» TASK INSTRUCTIONS
Tally the lines of the entries below that hold the word "through", and please give only the total.

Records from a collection
=== Begin Enclosure ===

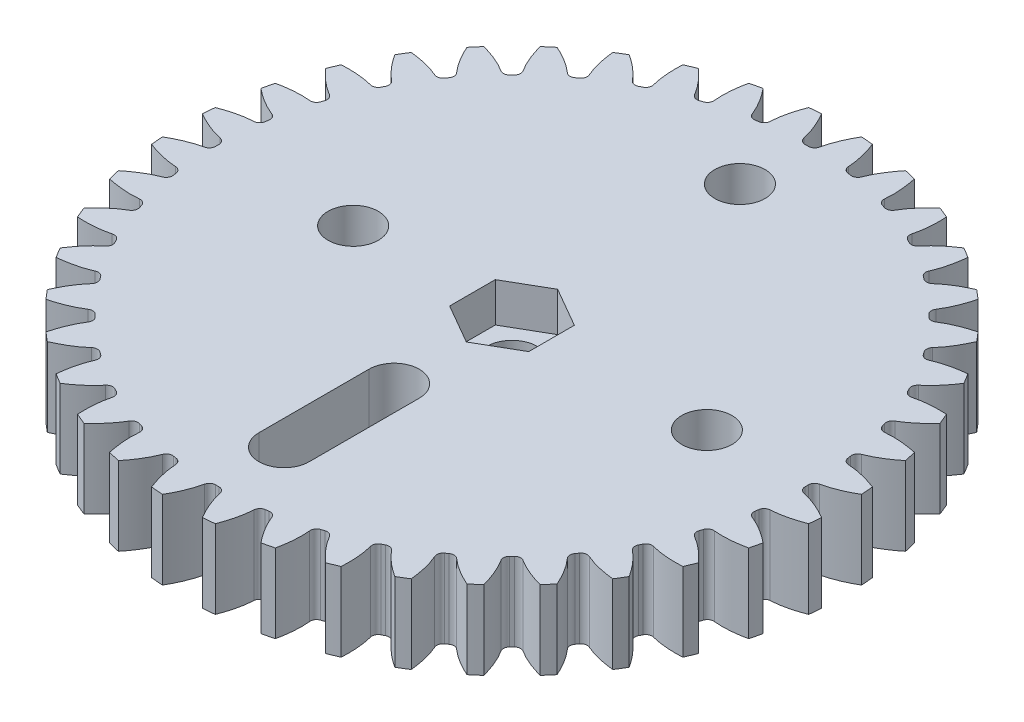
from build123d import *

# Parameters (mm, degrees)
SKETCH2_R                = 53.34
BOSS_EXTRUDE1_DEPTH      = 12.7
CUT_EXTRUDE1_DEPTH       = 12.7
FILLET2_R                = 1.016
CIRPATTERN1_COUNT        = 40
FILLET2_OF_CIRPATTERN1_R = 1.016
SKETCH4_R                = 4.09575
CUT_EXTRUDE2_DEPTH       = 77.359986682
CUT_EXTRUDE3_DEPTH       = 6.35
CUT_EXTRUDE4_DEPTH       = 77.359986682
CUT_EXTRUDE4_DEPTH_BACK  = 77.359986682
SKETCH6_R                = 4.064


with BuildPart() as part:
    # Sketch2 → Boss-Extrude1 (new body)
    with BuildSketch(Plane(origin=(0, 0, 0), x_dir=(1, 0, 0), z_dir=(0, 1, 0))):
        Circle(SKETCH2_R)
    extrude(amount=BOSS_EXTRUDE1_DEPTH)

    # Sketch3 → Cut-Extrude1 (cut)
    with BuildSketch(Plane(origin=(0, 0, 0), x_dir=(-1, 0, 0), z_dir=(0, -1, 0))):
        with BuildLine():
            Line((47.610863724, -1.16029328), (47.722215798, -1.163006969))
            add(Edge.make_bspline(
                [(47.722215798, -1.163006969), (47.730982789, -1.163313167), (47.755564012, -1.16445845), (47.802003051, -1.167754997), (47.87772523, -1.174741096), (47.974119041, -1.186004909), (48.098593622, -1.203276497), (48.245061479, -1.227112329), (48.405834144, -1.256963367), (48.580520514, -1.293386204), (48.754577285, -1.333212779), (48.927987969, -1.376189951), (49.100522746, -1.421931459), (49.30925176, -1.48080125), (49.559155717, -1.556203831), (49.850651678, -1.651349023), (50.180503564, -1.767531099), (50.515821541, -1.894787282), (50.845048793, -2.027276114), (51.176798745, -2.169495413), (51.497150175, -2.313020498), (51.828924093, -2.470658837), (52.134675109, -2.620519189), (52.476090794, -2.797888155), (52.751288045, -2.94379105), (53.034579939, -3.102405155), (53.172312998, -3.180768911), (53.242640535, -3.221308569)],
                knots=[0, 0, 0, 0, 0, 0.005376749, 0.015083688, 0.02853182, 0.04661014, 0.064854849, 0.092110526, 0.119476176, 0.146842496, 0.174208854, 0.201574956, 0.228941013, 0.256307345, 0.307035032, 0.361767352, 0.416499661, 0.471231937, 0.525964282, 0.580696616, 0.635428982, 0.690161387, 0.744893688, 0.799626082, 0.854358407, 0.909090914, 0.909090914, 0.909090914, 0.909090914, 0.909090914], degree=4))
            ThreePointArc((53.242640535, -3.221308569), (53.34, 0), (53.242640535, 3.221308569))
            add(Edge.make_bspline(
                [(53.242640535, 3.221308569), (53.172312998, 3.180768911), (53.034579939, 3.102405155), (52.751288045, 2.94379105), (52.476090794, 2.797888155), (52.134675109, 2.620519189), (51.828924093, 2.470658837), (51.497150175, 2.313020498), (51.176798745, 2.169495413), (50.845048793, 2.027276114), (50.515821541, 1.894787282), (50.180503564, 1.767531099), (49.850651678, 1.651349023), (49.559155717, 1.556203831), (49.30925176, 1.48080125), (49.100522746, 1.421931459), (48.927987969, 1.376189951), (48.754577285, 1.333212779), (48.580520514, 1.293386204), (48.405834144, 1.256963367), (48.245061479, 1.227112329), (48.098593622, 1.203276497), (47.974119041, 1.186004909), (47.87772523, 1.174741096), (47.80200305, 1.167754997), (47.755564012, 1.16445845), (47.730982789, 1.163313167), (47.722215798, 1.163006969)],
                knots=[0.484570751, 0.484570751, 0.484570751, 0.484570751, 0.484570751, 0.539303258, 0.594035583, 0.648767977, 0.703500278, 0.758232683, 0.81296505, 0.867697383, 0.922429728, 0.977162004, 1.031894313, 1.086626633, 1.13735432, 1.164720652, 1.19208671, 1.219452811, 1.246819169, 1.274185489, 1.30155114, 1.328806816, 1.347051526, 1.365129845, 1.378577977, 1.388284917, 1.393661665, 1.393661665, 1.393661665, 1.393661665, 1.393661665], degree=4))
            Line((47.722215798, 1.163006969), (47.610863724, 1.16029328))
            ThreePointArc((47.610863724, 1.16029328), (47.625, 0), (47.610863724, -1.16029328))
        make_face()
    cut_extrude1 = extrude(amount=-CUT_EXTRUDE1_DEPTH, mode=Mode.SUBTRACT)

    # Fillet2
    fillet2_edges = [part.edges().sort_by_distance(p)[0] for p in [
        (-47.610863724, 6.35, -1.16029328),
        (-47.610863724, 6.35, 1.16029328),
    ]]
    fillet(fillet2_edges, radius=FILLET2_R)

    # CirPattern1: Cut-Extrude1 ×40 about axis
    cirpattern1_axis = Axis((0, 12.7, 0), (0, 1, 0))
    for i in range(1, CIRPATTERN1_COUNT):
        add(cut_extrude1.rotate(cirpattern1_axis, i * 360 / CIRPATTERN1_COUNT), mode=Mode.SUBTRACT)

    # Fillet2 of CirPattern1
    fillet2_of_cirpattern1_edges = [part.edges().sort_by_distance(p)[0] for p in [
        (-47.206204844, 6.35, 6.301971852),
        (-46.843185127, 6.35, 8.593988141),
        (-45.639172533, 6.35, 13.609061523),
        (-44.922071849, 6.35, 15.816070492),
        (-42.948352326, 6.35, 20.581050932),
        (-41.894828074, 6.35, 22.648708697),
        (-39.200001148, 6.35, 27.046266564),
        (-37.835994591, 6.35, 28.923660528),
        (-34.486415844, 6.35, 32.845513351),
        (-32.845513351, 6.35, 34.486415844),
        (-28.923660528, 6.35, 37.835994591),
        (-27.046266564, 6.35, 39.200001148),
        (-22.648708697, 6.35, 41.894828074),
        (-20.581050932, 6.35, 42.948352326),
        (-15.816070492, 6.35, 44.922071849),
        (-13.609061523, 6.35, 45.639172533),
        (-8.593988141, 6.35, 46.843185127),
        (-6.301971852, 6.35, 47.206204844),
        (-1.16029328, 6.35, 47.610863724),
        (1.16029328, 6.35, 47.610863724),
        (6.301971852, 6.35, 47.206204844),
        (8.593988141, 6.35, 46.843185127),
        (13.609061523, 6.35, 45.639172533),
        (15.816070492, 6.35, 44.922071849),
        (20.581050932, 6.35, 42.948352326),
        (22.648708697, 6.35, 41.894828074),
        (27.046266564, 6.35, 39.200001148),
        (28.923660528, 6.35, 37.835994591),
        (32.845513351, 6.35, 34.486415844),
        (34.486415844, 6.35, 32.845513351),
        (37.835994591, 6.35, 28.923660528),
        (39.200001148, 6.35, 27.046266564),
        (41.894828074, 6.35, 22.648708697),
        (42.948352326, 6.35, 20.581050932),
        (44.922071849, 6.35, 15.816070492),
        (45.639172533, 6.35, 13.609061523),
        (46.843185127, 6.35, 8.593988141),
        (47.206204844, 6.35, 6.301971852),
        (47.610863724, 6.35, 1.16029328),
        (47.610863724, 6.35, -1.16029328),
        (47.206204844, 6.35, -6.301971852),
        (46.843185127, 6.35, -8.593988141),
        (45.639172533, 6.35, -13.609061523),
        (44.922071849, 6.35, -15.816070492),
        (42.948352326, 6.35, -20.581050932),
        (41.894828074, 6.35, -22.648708697),
        (39.200001148, 6.35, -27.046266564),
        (37.835994591, 6.35, -28.923660528),
        (34.486415844, 6.35, -32.845513351),
        (32.845513351, 6.35, -34.486415844),
        (28.923660528, 6.35, -37.835994591),
        (27.046266564, 6.35, -39.200001148),
        (22.648708697, 6.35, -41.894828074),
        (20.581050932, 6.35, -42.948352326),
        (15.816070492, 6.35, -44.922071849),
        (13.609061523, 6.35, -45.639172533),
        (8.593988141, 6.35, -46.843185127),
        (6.301971852, 6.35, -47.206204844),
        (1.16029328, 6.35, -47.610863724),
        (-1.16029328, 6.35, -47.610863724),
        (-6.301971852, 6.35, -47.206204844),
        (-8.593988141, 6.35, -46.843185127),
        (-13.609061523, 6.35, -45.639172533),
        (-15.816070492, 6.35, -44.922071849),
        (-20.581050932, 6.35, -42.948352326),
        (-22.648708697, 6.35, -41.894828074),
        (-27.046266564, 6.35, -39.200001148),
        (-28.923660528, 6.35, -37.835994591),
        (-32.845513351, 6.35, -34.486415844),
        (-34.486415844, 6.35, -32.845513351),
        (-37.835994591, 6.35, -28.923660528),
        (-39.200001148, 6.35, -27.046266564),
        (-41.894828074, 6.35, -22.648708697),
        (-42.948352326, 6.35, -20.581050932),
        (-44.922071849, 6.35, -15.816070492),
        (-45.639172533, 6.35, -13.609061523),
        (-46.843185127, 6.35, -8.593988141),
        (-47.206204844, 6.35, -6.301971852),
    ]]
    fillet(fillet2_of_cirpattern1_edges, radius=FILLET2_OF_CIRPATTERN1_R)

    # Sketch4 → Cut-Extrude2 (cut, through all)
    with BuildSketch(Plane(origin=(0, 12.7, 0), x_dir=(1, 0, 0), z_dir=(0, 1, 0))):
        Circle(SKETCH4_R)
    extrude(amount=-CUT_EXTRUDE2_DEPTH, mode=Mode.SUBTRACT)

    # Sketch5 → Cut-Extrude3 (cut)
    with BuildSketch(Plane(origin=(0, 12.7, 0), x_dir=(1, 0, 0), z_dir=(0, 1, 0))):
        Polygon((0, 7.376342509), (-6.3881, 3.688171255), (-6.3881, -3.688171255), (0, -7.376342509), (6.3881, -3.688171255), (6.3881, 3.688171255), align=None)
    extrude(amount=-CUT_EXTRUDE3_DEPTH, mode=Mode.SUBTRACT)

    # Sketch6 → Cut-Extrude4 (cut, two sides: drawn at the far end of the back side and taken through both)
    with BuildSketch(Plane(origin=(0, 12.7, 0), x_dir=(1, 0, 0), z_dir=(0, 1, 0)).offset(-CUT_EXTRUDE4_DEPTH_BACK)):
        with Locations((0, 36.83)):
            Circle(SKETCH6_R)
        with Locations((31.75, -0.262923867)):
            Circle(SKETCH6_R)
        with Locations((-25.4, -0.262923867)):
            Circle(SKETCH6_R)
        with BuildLine():
            Line((4.064, -19.05), (4.064, -36.83))
            ThreePointArc((4.064, -36.83), (0, -40.894), (-4.064, -36.83))
            Line((-4.064, -36.83), (-4.064, -19.05))
            ThreePointArc((-4.064, -19.05), (0, -14.986), (4.064, -19.05))
        make_face()
    extrude(amount=CUT_EXTRUDE4_DEPTH + CUT_EXTRUDE4_DEPTH_BACK, mode=Mode.SUBTRACT)


solid = part.part

=== End Enclosure ===

» ANSWER SECTION
2